There’s been no let-up in the debate about the Obama administration’s rule requiring most employers to provide prescription birth control to their workers without additional cost.
Here’s the rub: The only truly novel part of the plan is the “no cost” bit.
The rule would mean, for the first time, that women won’t have to pay a deductible or co-payment to get prescription contraceptives.
“Now millions more women and families are going to have access to essential health care coverage at a cost that they can afford,” says Sarah Lipton-Lubet, policy counsel with the ACLU. “But as a legal matter, a constitutional matter, it’s completely unremarkable.”

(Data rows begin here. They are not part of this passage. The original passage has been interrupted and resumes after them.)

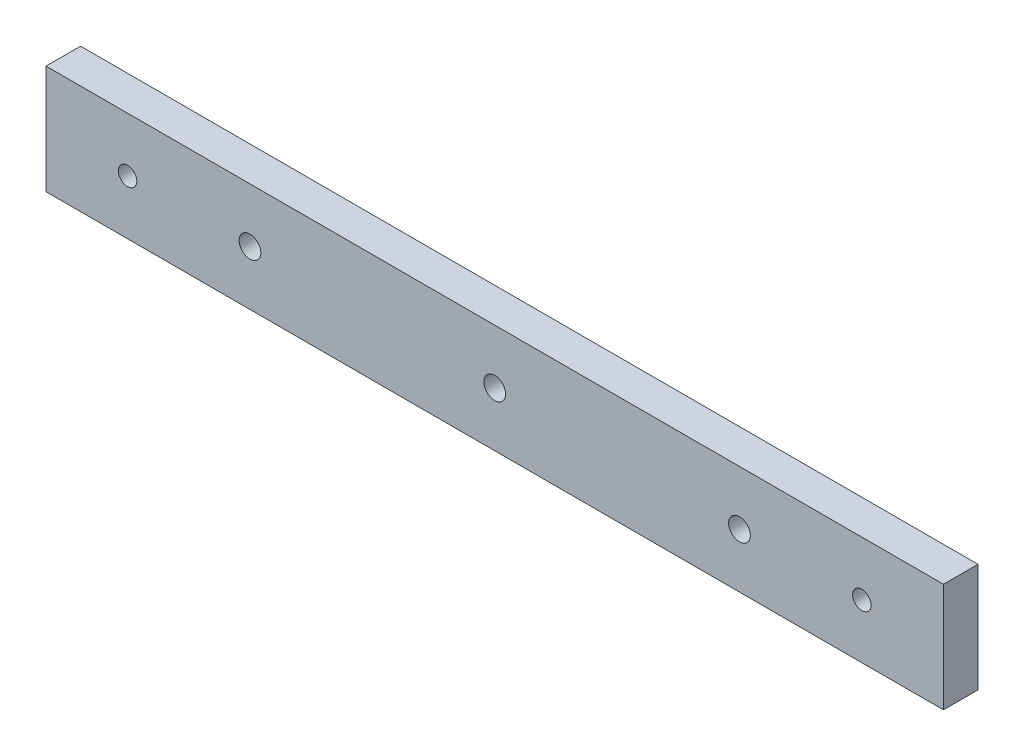
ISO-10303-21;
HEADER;
FILE_DESCRIPTION(('STEP AP214'),'2;1');
FILE_NAME('part.step','',(''),(''),'','','');
FILE_SCHEMA(('AUTOMOTIVE_DESIGN { 1 0 10303 214 1 1 1 1 }'));
ENDSEC;
DATA;
#1=APPLICATION_CONTEXT('core data for automotive mechanical design processes');
#2=APPLICATION_PROTOCOL_DEFINITION('international standard','automotive_design',2000,#1);
#3=PRODUCT_CONTEXT('',#1,'mechanical');
#4=PRODUCT('Part','Part','',(#3));
#5=PRODUCT_RELATED_PRODUCT_CATEGORY('part','',(#4));
#6=PRODUCT_DEFINITION_FORMATION('','',#4);
#7=PRODUCT_DEFINITION_CONTEXT('part definition',#1,'design');
#8=PRODUCT_DEFINITION('design','',#6,#7);
#9=PRODUCT_DEFINITION_SHAPE('','',#8);
#10=(LENGTH_UNIT() NAMED_UNIT(*) SI_UNIT(.MILLI.,.METRE.));
#11=(NAMED_UNIT(*) PLANE_ANGLE_UNIT() SI_UNIT($,.RADIAN.));
#12=(NAMED_UNIT(*) SI_UNIT($,.STERADIAN.) SOLID_ANGLE_UNIT());
#13=UNCERTAINTY_MEASURE_WITH_UNIT(LENGTH_MEASURE(1.E-05),#10,'distance_accuracy_value','');
#14=(GEOMETRIC_REPRESENTATION_CONTEXT(3) GLOBAL_UNCERTAINTY_ASSIGNED_CONTEXT((#13)) GLOBAL_UNIT_ASSIGNED_CONTEXT((#10,
#11,#12)) REPRESENTATION_CONTEXT('',''));
#15=CARTESIAN_POINT('',(0.,0.,0.));
#16=DIRECTION('',(0.,0.,1.));
#17=DIRECTION('',(1.,0.,0.));
#18=AXIS2_PLACEMENT_3D('',#15,#16,#17);
#19=CARTESIAN_POINT('',(29.5476930648458,0.,6.35));
#20=DIRECTION('',(1.,0.,0.));
#21=DIRECTION('',(0.,1.,0.));
#22=AXIS2_PLACEMENT_3D('',#19,#20,#21);
#23=PLANE('',#22);
#24=DIRECTION('',(0.,-1.,0.));
#25=VECTOR('',#24,1.);
#26=CARTESIAN_POINT('',(29.5476930648458,0.,0.));
#27=LINE('',#26,#25);
#28=CARTESIAN_POINT('',(29.5476930648458,-2.57538448919228,0.));
#29=VERTEX_POINT('',#28);
#30=CARTESIAN_POINT('',(29.5476930648458,-22.5753844891923,0.));
#31=VERTEX_POINT('',#30);
#32=EDGE_CURVE('E272',#29,#31,#27,.T.);
#33=ORIENTED_EDGE('',*,*,#32,.F.);
#34=DIRECTION('',(0.,0.,-1.));
#35=VECTOR('',#34,1.);
#36=CARTESIAN_POINT('',(29.5476930648458,-2.57538448919228,6.35));
#37=LINE('',#36,#35);
#38=CARTESIAN_POINT('',(29.5476930648458,-2.57538448919228,6.35));
#39=VERTEX_POINT('',#38);
#40=EDGE_CURVE('E11',#39,#29,#37,.T.);
#41=ORIENTED_EDGE('',*,*,#40,.F.);
#42=DIRECTION('',(0.,-1.,0.));
#43=VECTOR('',#42,1.);
#44=CARTESIAN_POINT('',(29.5476930648458,0.,6.35));
#45=LINE('',#44,#43);
#46=CARTESIAN_POINT('',(29.5476930648458,-22.5753844891923,6.35));
#47=VERTEX_POINT('',#46);
#48=EDGE_CURVE('E255',#39,#47,#45,.T.);
#49=ORIENTED_EDGE('',*,*,#48,.T.);
#50=DIRECTION('',(0.,0.,-1.));
#51=VECTOR('',#50,1.);
#52=CARTESIAN_POINT('',(29.5476930648458,-22.5753844891923,6.35));
#53=LINE('',#52,#51);
#54=EDGE_CURVE('E266',#47,#31,#53,.T.);
#55=ORIENTED_EDGE('',*,*,#54,.T.);
#56=EDGE_LOOP('',(#33,#41,#49,#55));
#57=FACE_BOUND('',#56,.T.);
#58=ADVANCED_FACE('F34',(#57),#23,.T.);
#59=CARTESIAN_POINT('',(0.,-2.57538448919228,6.35));
#60=DIRECTION('',(0.,1.,0.));
#61=DIRECTION('',(-1.,0.,0.));
#62=AXIS2_PLACEMENT_3D('',#59,#60,#61);
#63=PLANE('',#62);
#64=DIRECTION('',(1.,0.,0.));
#65=VECTOR('',#64,1.);
#66=CARTESIAN_POINT('',(0.,-2.57538448919228,0.));
#67=LINE('',#66,#65);
#68=CARTESIAN_POINT('',(-135.452306935154,-2.57538448919231,0.));
#69=VERTEX_POINT('',#68);
#70=EDGE_CURVE('E275',#69,#29,#67,.T.);
#71=ORIENTED_EDGE('',*,*,#70,.F.);
#72=DIRECTION('',(0.,0.,-1.));
#73=VECTOR('',#72,1.);
#74=CARTESIAN_POINT('',(-135.452306935154,-2.57538448919231,6.35));
#75=LINE('',#74,#73);
#76=CARTESIAN_POINT('',(-135.452306935154,-2.57538448919231,6.35));
#77=VERTEX_POINT('',#76);
#78=EDGE_CURVE('E42',#77,#69,#75,.T.);
#79=ORIENTED_EDGE('',*,*,#78,.F.);
#80=DIRECTION('',(1.,0.,0.));
#81=VECTOR('',#80,1.);
#82=CARTESIAN_POINT('',(0.,-2.57538448919228,6.35));
#83=LINE('',#82,#81);
#84=EDGE_CURVE('E258',#77,#39,#83,.T.);
#85=ORIENTED_EDGE('',*,*,#84,.T.);
#86=ORIENTED_EDGE('',*,*,#40,.T.);
#87=EDGE_LOOP('',(#71,#79,#85,#86));
#88=FACE_BOUND('',#87,.T.);
#89=ADVANCED_FACE('F296',(#88),#63,.T.);
#90=CARTESIAN_POINT('',(-135.452306935154,0.,6.35));
#91=DIRECTION('',(1.,0.,0.));
#92=DIRECTION('',(0.,0.,-1.));
#93=AXIS2_PLACEMENT_3D('',#90,#91,#92);
#94=PLANE('',#93);
#95=DIRECTION('',(0.,-1.,0.));
#96=VECTOR('',#95,1.);
#97=CARTESIAN_POINT('',(-135.452306935154,0.,0.));
#98=LINE('',#97,#96);
#99=CARTESIAN_POINT('',(-135.452306935154,-22.5753844891923,0.));
#100=VERTEX_POINT('',#99);
#101=EDGE_CURVE('E278',#69,#100,#98,.T.);
#102=ORIENTED_EDGE('',*,*,#101,.T.);
#103=DIRECTION('',(0.,0.,-1.));
#104=VECTOR('',#103,1.);
#105=CARTESIAN_POINT('',(-135.452306935154,-22.5753844891923,6.35));
#106=LINE('',#105,#104);
#107=CARTESIAN_POINT('',(-135.452306935154,-22.5753844891923,6.35));
#108=VERTEX_POINT('',#107);
#109=EDGE_CURVE('E284',#108,#100,#106,.T.);
#110=ORIENTED_EDGE('',*,*,#109,.F.);
#111=DIRECTION('',(0.,-1.,0.));
#112=VECTOR('',#111,1.);
#113=CARTESIAN_POINT('',(-135.452306935154,0.,6.35));
#114=LINE('',#113,#112);
#115=EDGE_CURVE('E261',#77,#108,#114,.T.);
#116=ORIENTED_EDGE('',*,*,#115,.F.);
#117=ORIENTED_EDGE('',*,*,#78,.T.);
#118=EDGE_LOOP('',(#102,#110,#116,#117));
#119=FACE_BOUND('',#118,.T.);
#120=ADVANCED_FACE('F289',(#119),#94,.F.);
#121=CARTESIAN_POINT('',(14.5476930648458,-12.5753844891923,6.35));
#122=DIRECTION('',(0.,0.,-1.));
#123=DIRECTION('',(-1.,0.,0.));
#124=AXIS2_PLACEMENT_3D('',#121,#122,#123);
#125=CYLINDRICAL_SURFACE('',#124,1.7);
#126=CARTESIAN_POINT('',(14.5476930648458,-12.5753844891923,6.35));
#127=DIRECTION('',(0.,0.,1.));
#128=DIRECTION('',(1.,0.,0.));
#129=AXIS2_PLACEMENT_3D('',#126,#127,#128);
#130=CIRCLE('',#129,1.7);
#131=CARTESIAN_POINT('',(16.2476930648458,-12.5753844891923,6.35));
#132=VERTEX_POINT('',#131);
#133=EDGE_CURVE('E251',#132,#132,#130,.T.);
#134=ORIENTED_EDGE('',*,*,#133,.T.);
#135=EDGE_LOOP('',(#134));
#136=FACE_BOUND('',#135,.T.);
#137=CARTESIAN_POINT('',(14.5476930648458,-12.5753844891923,0.));
#138=DIRECTION('',(0.,0.,1.));
#139=DIRECTION('',(1.,0.,0.));
#140=AXIS2_PLACEMENT_3D('',#137,#138,#139);
#141=CIRCLE('',#140,1.7);
#142=CARTESIAN_POINT('',(16.2476930648458,-12.5753844891923,0.));
#143=VERTEX_POINT('',#142);
#144=EDGE_CURVE('E269',#143,#143,#141,.T.);
#145=ORIENTED_EDGE('',*,*,#144,.F.);
#146=EDGE_LOOP('',(#145));
#147=FACE_BOUND('',#146,.T.);
#148=ADVANCED_FACE('F328',(#136,#147),#125,.F.);
#149=CARTESIAN_POINT('',(-120.452306935154,-12.5753844891923,6.35));
#150=DIRECTION('',(0.,0.,-1.));
#151=DIRECTION('',(-1.,0.,0.));
#152=AXIS2_PLACEMENT_3D('',#149,#150,#151);
#153=CYLINDRICAL_SURFACE('',#152,1.7);
#154=CARTESIAN_POINT('',(-120.452306935154,-12.5753844891923,6.35));
#155=DIRECTION('',(0.,0.,1.));
#156=DIRECTION('',(1.,0.,0.));
#157=AXIS2_PLACEMENT_3D('',#154,#155,#156);
#158=CIRCLE('',#157,1.7);
#159=CARTESIAN_POINT('',(-118.752306935154,-12.5753844891923,6.35));
#160=VERTEX_POINT('',#159);
#161=EDGE_CURVE('E248',#160,#160,#158,.T.);
#162=ORIENTED_EDGE('',*,*,#161,.T.);
#163=EDGE_LOOP('',(#162));
#164=FACE_BOUND('',#163,.T.);
#165=CARTESIAN_POINT('',(-120.452306935154,-12.5753844891923,0.));
#166=DIRECTION('',(0.,0.,1.));
#167=DIRECTION('',(1.,0.,0.));
#168=AXIS2_PLACEMENT_3D('',#165,#166,#167);
#169=CIRCLE('',#168,1.7);
#170=CARTESIAN_POINT('',(-118.752306935154,-12.5753844891923,0.));
#171=VERTEX_POINT('',#170);
#172=EDGE_CURVE('E183',#171,#171,#169,.T.);
#173=ORIENTED_EDGE('',*,*,#172,.F.);
#174=EDGE_LOOP('',(#173));
#175=FACE_BOUND('',#174,.T.);
#176=ADVANCED_FACE('F36',(#164,#175),#153,.F.);
#177=CARTESIAN_POINT('',(0.,-22.5753844891923,6.35));
#178=DIRECTION('',(0.,1.,0.));
#179=DIRECTION('',(0.,0.,1.));
#180=AXIS2_PLACEMENT_3D('',#177,#178,#179);
#181=PLANE('',#180);
#182=DIRECTION('',(1.,0.,0.));
#183=VECTOR('',#182,1.);
#184=CARTESIAN_POINT('',(0.,-22.5753844891923,0.));
#185=LINE('',#184,#183);
#186=EDGE_CURVE('E252',#100,#31,#185,.T.);
#187=ORIENTED_EDGE('',*,*,#186,.T.);
#188=ORIENTED_EDGE('',*,*,#54,.F.);
#189=DIRECTION('',(1.,0.,0.));
#190=VECTOR('',#189,1.);
#191=CARTESIAN_POINT('',(0.,-22.5753844891923,6.35));
#192=LINE('',#191,#190);
#193=EDGE_CURVE('E264',#108,#47,#192,.T.);
#194=ORIENTED_EDGE('',*,*,#193,.F.);
#195=ORIENTED_EDGE('',*,*,#109,.T.);
#196=EDGE_LOOP('',(#187,#188,#194,#195));
#197=FACE_BOUND('',#196,.T.);
#198=ADVANCED_FACE('F302',(#197),#181,.F.);
#199=CARTESIAN_POINT('',(0.,0.,6.35));
#200=DIRECTION('',(0.,0.,1.));
#201=DIRECTION('',(1.,0.,0.));
#202=AXIS2_PLACEMENT_3D('',#199,#200,#201);
#203=PLANE('',#202);
#204=CARTESIAN_POINT('',(-7.95230693515423,-12.5753844891923,6.35));
#205=DIRECTION('',(0.,0.,-1.));
#206=DIRECTION('',(-1.,0.,0.));
#207=AXIS2_PLACEMENT_3D('',#204,#205,#206);
#208=CIRCLE('',#207,2.);
#209=CARTESIAN_POINT('',(-9.95230693515423,-12.5753844891923,6.35));
#210=VERTEX_POINT('',#209);
#211=EDGE_CURVE('E227',#210,#210,#208,.T.);
#212=ORIENTED_EDGE('',*,*,#211,.T.);
#213=EDGE_LOOP('',(#212));
#214=FACE_BOUND('',#213,.T.);
#215=CARTESIAN_POINT('',(-52.9523069351542,-12.5753844891923,6.35));
#216=DIRECTION('',(0.,0.,-1.));
#217=DIRECTION('',(-1.,0.,0.));
#218=AXIS2_PLACEMENT_3D('',#215,#216,#217);
#219=CIRCLE('',#218,2.);
#220=CARTESIAN_POINT('',(-54.9523069351542,-12.5753844891923,6.35));
#221=VERTEX_POINT('',#220);
#222=EDGE_CURVE('E540',#221,#221,#219,.T.);
#223=ORIENTED_EDGE('',*,*,#222,.T.);
#224=EDGE_LOOP('',(#223));
#225=FACE_BOUND('',#224,.T.);
#226=CARTESIAN_POINT('',(-97.9523069351542,-12.5753844891923,6.35));
#227=DIRECTION('',(0.,0.,-1.));
#228=DIRECTION('',(-1.,0.,0.));
#229=AXIS2_PLACEMENT_3D('',#226,#227,#228);
#230=CIRCLE('',#229,2.);
#231=CARTESIAN_POINT('',(-99.9523069351542,-12.5753844891923,6.35));
#232=VERTEX_POINT('',#231);
#233=EDGE_CURVE('E548',#232,#232,#230,.T.);
#234=ORIENTED_EDGE('',*,*,#233,.T.);
#235=EDGE_LOOP('',(#234));
#236=FACE_BOUND('',#235,.T.);
#237=ORIENTED_EDGE('',*,*,#161,.F.);
#238=EDGE_LOOP('',(#237));
#239=FACE_BOUND('',#238,.T.);
#240=ORIENTED_EDGE('',*,*,#133,.F.);
#241=EDGE_LOOP('',(#240));
#242=FACE_BOUND('',#241,.T.);
#243=ORIENTED_EDGE('',*,*,#48,.F.);
#244=ORIENTED_EDGE('',*,*,#84,.F.);
#245=ORIENTED_EDGE('',*,*,#115,.T.);
#246=ORIENTED_EDGE('',*,*,#193,.T.);
#247=EDGE_LOOP('',(#243,#244,#245,#246));
#248=FACE_BOUND('',#247,.T.);
#249=ADVANCED_FACE('F304',(#214,#225,#236,#239,#242,#248),#203,.T.);
#250=CARTESIAN_POINT('',(0.,0.,0.));
#251=DIRECTION('',(0.,0.,1.));
#252=DIRECTION('',(1.,0.,0.));
#253=AXIS2_PLACEMENT_3D('',#250,#251,#252);
#254=PLANE('',#253);
#255=DIRECTION('',(1.,0.,0.));
#256=VECTOR('',#255,1.);
#257=CARTESIAN_POINT('',(-101.502306935154,-9.0253844891923,0.));
#258=LINE('',#257,#256);
#259=CARTESIAN_POINT('',(-101.502306935154,-9.0253844891923,0.));
#260=VERTEX_POINT('',#259);
#261=CARTESIAN_POINT('',(-94.4023069351542,-9.0253844891923,0.));
#262=VERTEX_POINT('',#261);
#263=EDGE_CURVE('E177',#260,#262,#258,.T.);
#264=ORIENTED_EDGE('',*,*,#263,.F.);
#265=CARTESIAN_POINT('',(-101.502306935154,-12.5753844891923,0.));
#266=DIRECTION('',(0.,0.,-1.));
#267=DIRECTION('',(-1.,0.,0.));
#268=AXIS2_PLACEMENT_3D('',#265,#266,#267);
#269=CIRCLE('',#268,3.55);
#270=CARTESIAN_POINT('',(-101.502306935154,-16.1253844891923,0.));
#271=VERTEX_POINT('',#270);
#272=EDGE_CURVE('E49',#271,#260,#269,.T.);
#273=ORIENTED_EDGE('',*,*,#272,.F.);
#274=DIRECTION('',(1.,0.,0.));
#275=VECTOR('',#274,1.);
#276=CARTESIAN_POINT('',(-101.502306935154,-16.1253844891923,0.));
#277=LINE('',#276,#275);
#278=CARTESIAN_POINT('',(-94.4023069351542,-16.1253844891923,0.));
#279=VERTEX_POINT('',#278);
#280=EDGE_CURVE('E165',#271,#279,#277,.T.);
#281=ORIENTED_EDGE('',*,*,#280,.T.);
#282=CARTESIAN_POINT('',(-94.4023069351542,-12.5753844891923,0.));
#283=DIRECTION('',(0.,0.,-1.));
#284=DIRECTION('',(-1.,0.,0.));
#285=AXIS2_PLACEMENT_3D('',#282,#283,#284);
#286=CIRCLE('',#285,3.54999999999999);
#287=EDGE_CURVE('E168',#262,#279,#286,.T.);
#288=ORIENTED_EDGE('',*,*,#287,.F.);
#289=EDGE_LOOP('',(#264,#273,#281,#288));
#290=FACE_BOUND('',#289,.T.);
#291=DIRECTION('',(1.,0.,0.));
#292=VECTOR('',#291,1.);
#293=CARTESIAN_POINT('',(-56.5023069351542,-9.0253844891923,0.));
#294=LINE('',#293,#292);
#295=CARTESIAN_POINT('',(-56.5023069351542,-9.0253844891923,0.));
#296=VERTEX_POINT('',#295);
#297=CARTESIAN_POINT('',(-49.4023069351542,-9.0253844891923,0.));
#298=VERTEX_POINT('',#297);
#299=EDGE_CURVE('E204',#296,#298,#294,.T.);
#300=ORIENTED_EDGE('',*,*,#299,.F.);
#301=CARTESIAN_POINT('',(-56.5023069351542,-12.5753844891923,0.));
#302=DIRECTION('',(0.,0.,-1.));
#303=DIRECTION('',(-1.,0.,0.));
#304=AXIS2_PLACEMENT_3D('',#301,#302,#303);
#305=CIRCLE('',#304,3.55000000000001);
#306=CARTESIAN_POINT('',(-56.5023069351542,-16.1253844891923,0.));
#307=VERTEX_POINT('',#306);
#308=EDGE_CURVE('E57',#307,#296,#305,.T.);
#309=ORIENTED_EDGE('',*,*,#308,.F.);
#310=DIRECTION('',(1.,0.,0.));
#311=VECTOR('',#310,1.);
#312=CARTESIAN_POINT('',(-56.5023069351542,-16.1253844891923,0.));
#313=LINE('',#312,#311);
#314=CARTESIAN_POINT('',(-49.4023069351542,-16.1253844891923,0.));
#315=VERTEX_POINT('',#314);
#316=EDGE_CURVE('E197',#307,#315,#313,.T.);
#317=ORIENTED_EDGE('',*,*,#316,.T.);
#318=CARTESIAN_POINT('',(-49.4023069351542,-12.5753844891923,0.));
#319=DIRECTION('',(0.,0.,-1.));
#320=DIRECTION('',(-1.,0.,0.));
#321=AXIS2_PLACEMENT_3D('',#318,#319,#320);
#322=CIRCLE('',#321,3.55);
#323=EDGE_CURVE('E200',#298,#315,#322,.T.);
#324=ORIENTED_EDGE('',*,*,#323,.F.);
#325=EDGE_LOOP('',(#300,#309,#317,#324));
#326=FACE_BOUND('',#325,.T.);
#327=DIRECTION('',(1.,0.,0.));
#328=VECTOR('',#327,1.);
#329=CARTESIAN_POINT('',(-11.5023069351542,-9.02538448919231,0.));
#330=LINE('',#329,#328);
#331=CARTESIAN_POINT('',(-11.5023069351542,-9.02538448919231,0.));
#332=VERTEX_POINT('',#331);
#333=CARTESIAN_POINT('',(-4.40230693515423,-9.02538448919231,0.));
#334=VERTEX_POINT('',#333);
#335=EDGE_CURVE('E235',#332,#334,#330,.T.);
#336=ORIENTED_EDGE('',*,*,#335,.F.);
#337=CARTESIAN_POINT('',(-11.5023069351542,-12.5753844891923,0.));
#338=DIRECTION('',(0.,0.,-1.));
#339=DIRECTION('',(-1.,0.,0.));
#340=AXIS2_PLACEMENT_3D('',#337,#338,#339);
#341=CIRCLE('',#340,3.55);
#342=CARTESIAN_POINT('',(-11.5023069351542,-16.1253844891923,0.));
#343=VERTEX_POINT('',#342);
#344=EDGE_CURVE('E196',#343,#332,#341,.T.);
#345=ORIENTED_EDGE('',*,*,#344,.F.);
#346=DIRECTION('',(1.,0.,0.));
#347=VECTOR('',#346,1.);
#348=CARTESIAN_POINT('',(-11.5023069351542,-16.1253844891923,0.));
#349=LINE('',#348,#347);
#350=CARTESIAN_POINT('',(-4.40230693515423,-16.1253844891923,0.));
#351=VERTEX_POINT('',#350);
#352=EDGE_CURVE('E228',#343,#351,#349,.T.);
#353=ORIENTED_EDGE('',*,*,#352,.T.);
#354=CARTESIAN_POINT('',(-4.40230693515423,-12.5753844891923,0.));
#355=DIRECTION('',(0.,0.,-1.));
#356=DIRECTION('',(-1.,0.,0.));
#357=AXIS2_PLACEMENT_3D('',#354,#355,#356);
#358=CIRCLE('',#357,3.55);
#359=EDGE_CURVE('E231',#334,#351,#358,.T.);
#360=ORIENTED_EDGE('',*,*,#359,.F.);
#361=EDGE_LOOP('',(#336,#345,#353,#360));
#362=FACE_BOUND('',#361,.T.);
#363=ORIENTED_EDGE('',*,*,#172,.T.);
#364=EDGE_LOOP('',(#363));
#365=FACE_BOUND('',#364,.T.);
#366=ORIENTED_EDGE('',*,*,#144,.T.);
#367=EDGE_LOOP('',(#366));
#368=FACE_BOUND('',#367,.T.);
#369=ORIENTED_EDGE('',*,*,#32,.T.);
#370=ORIENTED_EDGE('',*,*,#186,.F.);
#371=ORIENTED_EDGE('',*,*,#101,.F.);
#372=ORIENTED_EDGE('',*,*,#70,.T.);
#373=EDGE_LOOP('',(#369,#370,#371,#372));
#374=FACE_BOUND('',#373,.T.);
#375=ADVANCED_FACE('F295',(#290,#326,#362,#365,#368,#374),#254,.F.);
#376=CARTESIAN_POINT('',(-11.5023069351542,-12.5753844891923,3.35));
#377=DIRECTION('',(0.,0.,-1.));
#378=DIRECTION('',(-1.,0.,0.));
#379=AXIS2_PLACEMENT_3D('',#376,#377,#378);
#380=CYLINDRICAL_SURFACE('',#379,3.55);
#381=ORIENTED_EDGE('',*,*,#344,.T.);
#382=DIRECTION('',(0.,0.,-1.));
#383=VECTOR('',#382,1.);
#384=CARTESIAN_POINT('',(-11.5023069351542,-9.02538448919231,3.35));
#385=LINE('',#384,#383);
#386=CARTESIAN_POINT('',(-11.5023069351542,-9.02538448919231,3.35));
#387=VERTEX_POINT('',#386);
#388=EDGE_CURVE('E217',#387,#332,#385,.T.);
#389=ORIENTED_EDGE('',*,*,#388,.F.);
#390=CARTESIAN_POINT('',(-11.5023069351542,-12.5753844891923,3.35));
#391=DIRECTION('',(0.,0.,-1.));
#392=DIRECTION('',(-1.,0.,0.));
#393=AXIS2_PLACEMENT_3D('',#390,#391,#392);
#394=CIRCLE('',#393,3.55);
#395=CARTESIAN_POINT('',(-11.5023069351542,-16.1253844891923,3.35));
#396=VERTEX_POINT('',#395);
#397=EDGE_CURVE('E232',#396,#387,#394,.T.);
#398=ORIENTED_EDGE('',*,*,#397,.F.);
#399=DIRECTION('',(0.,0.,-1.));
#400=VECTOR('',#399,1.);
#401=CARTESIAN_POINT('',(-11.5023069351542,-16.1253844891923,3.35));
#402=LINE('',#401,#400);
#403=EDGE_CURVE('E225',#396,#343,#402,.T.);
#404=ORIENTED_EDGE('',*,*,#403,.T.);
#405=EDGE_LOOP('',(#381,#389,#398,#404));
#406=FACE_BOUND('',#405,.T.);
#407=ADVANCED_FACE('F313',(#406),#380,.F.);
#408=CARTESIAN_POINT('',(-11.5023069351542,-16.1253844891923,3.35));
#409=DIRECTION('',(0.,1.,0.));
#410=DIRECTION('',(0.,0.,1.));
#411=AXIS2_PLACEMENT_3D('',#408,#409,#410);
#412=PLANE('',#411);
#413=ORIENTED_EDGE('',*,*,#352,.F.);
#414=ORIENTED_EDGE('',*,*,#403,.F.);
#415=DIRECTION('',(1.,0.,0.));
#416=VECTOR('',#415,1.);
#417=CARTESIAN_POINT('',(-11.5023069351542,-16.1253844891923,3.35));
#418=LINE('',#417,#416);
#419=CARTESIAN_POINT('',(-4.40230693515423,-16.1253844891923,3.35));
#420=VERTEX_POINT('',#419);
#421=EDGE_CURVE('E220',#396,#420,#418,.T.);
#422=ORIENTED_EDGE('',*,*,#421,.T.);
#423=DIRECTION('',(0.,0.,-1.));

In fact, employers have pretty much been required to provide contraceptive coverage as part of their health plans since December 2000. That’s when the federal Equal Employment Opportunity Commission ruled that failure to provide such coverage violates the 1978 Pregnancy Discrimination Act. That law is, in turn, an amendment to Title VII of the 1964 Civil Rights Act, which outlaws, among other things, discrimination based on gender.
Here’s how the EEOC put it at the time: “The Commission concludes that Respondents’ exclusion of prescription contraceptives violates Title VII, as amended by the Pregnancy Discrimination Act, whether the contraceptives are used for birth control or for other medical purposes.”
But it’s not only the EEOC that has ruled on the issue. More than half the states have similar “contraceptive equity” laws on the books, many with religious exceptions similar or identical to the one included in the Administration’s regulation.
That’s no accident. “The HHS rule was modeled on the exceptions in several state laws, including California, New York, and Oregon,” says Lipton-Lubet of the ACLU.
There are now lawsuits challenging the constitutionality of the policy, including a new one filed on behalf of the religious television network EWTN. But the exemptions have already been tested in court, at least at the state level.
In 2004, the California Supreme Court upheld that state’s law, in a suit brought by Catholic Charities, on a vote of 6-1.
The court ruled that Catholic Charities didn’t qualify as a “religious employer” because it didn’t meet each of four key criteria (which, by the way, are the same as those in the new federal regulation):
- The organization’s primary purpose is “the inculcation of religious values.”
- It primarily employs people of that religion.
- It primarily serves people of that religion.
- It’s a registered nonprofit organization.
Two years later, in 2006, New York’s top state court rejected a claim by Catholic Charities and several other religious groups that the state’s contraceptive coverage law discriminated against them because it exempted churches but not their religiously-affiliated groups.
“When a religious organization chooses to hire non-believers, it must, at least to some degree, be prepared to accept neutral regulations imposed to protect those employees’ legitimate interests in doing what their own beliefs permit,” the justices wrote.
Said Lipton-Lubet, “In both the California and New York cases, Catholic Charities made arguments very similar to the ones being made now with respect to the HHS rule. Those arguments failed in that litigation, and they’re no more persuasive here.”
Lawyers for religious litigants, however, say they think they may stand a better chance challenging the federal rule, particularly given a recent unanimous Supreme Court decision exempting religious employers from employment discrimination laws.
Opponents of the Obama adminstration’s rule are also hoping they may find the votes to overturn it in Congress.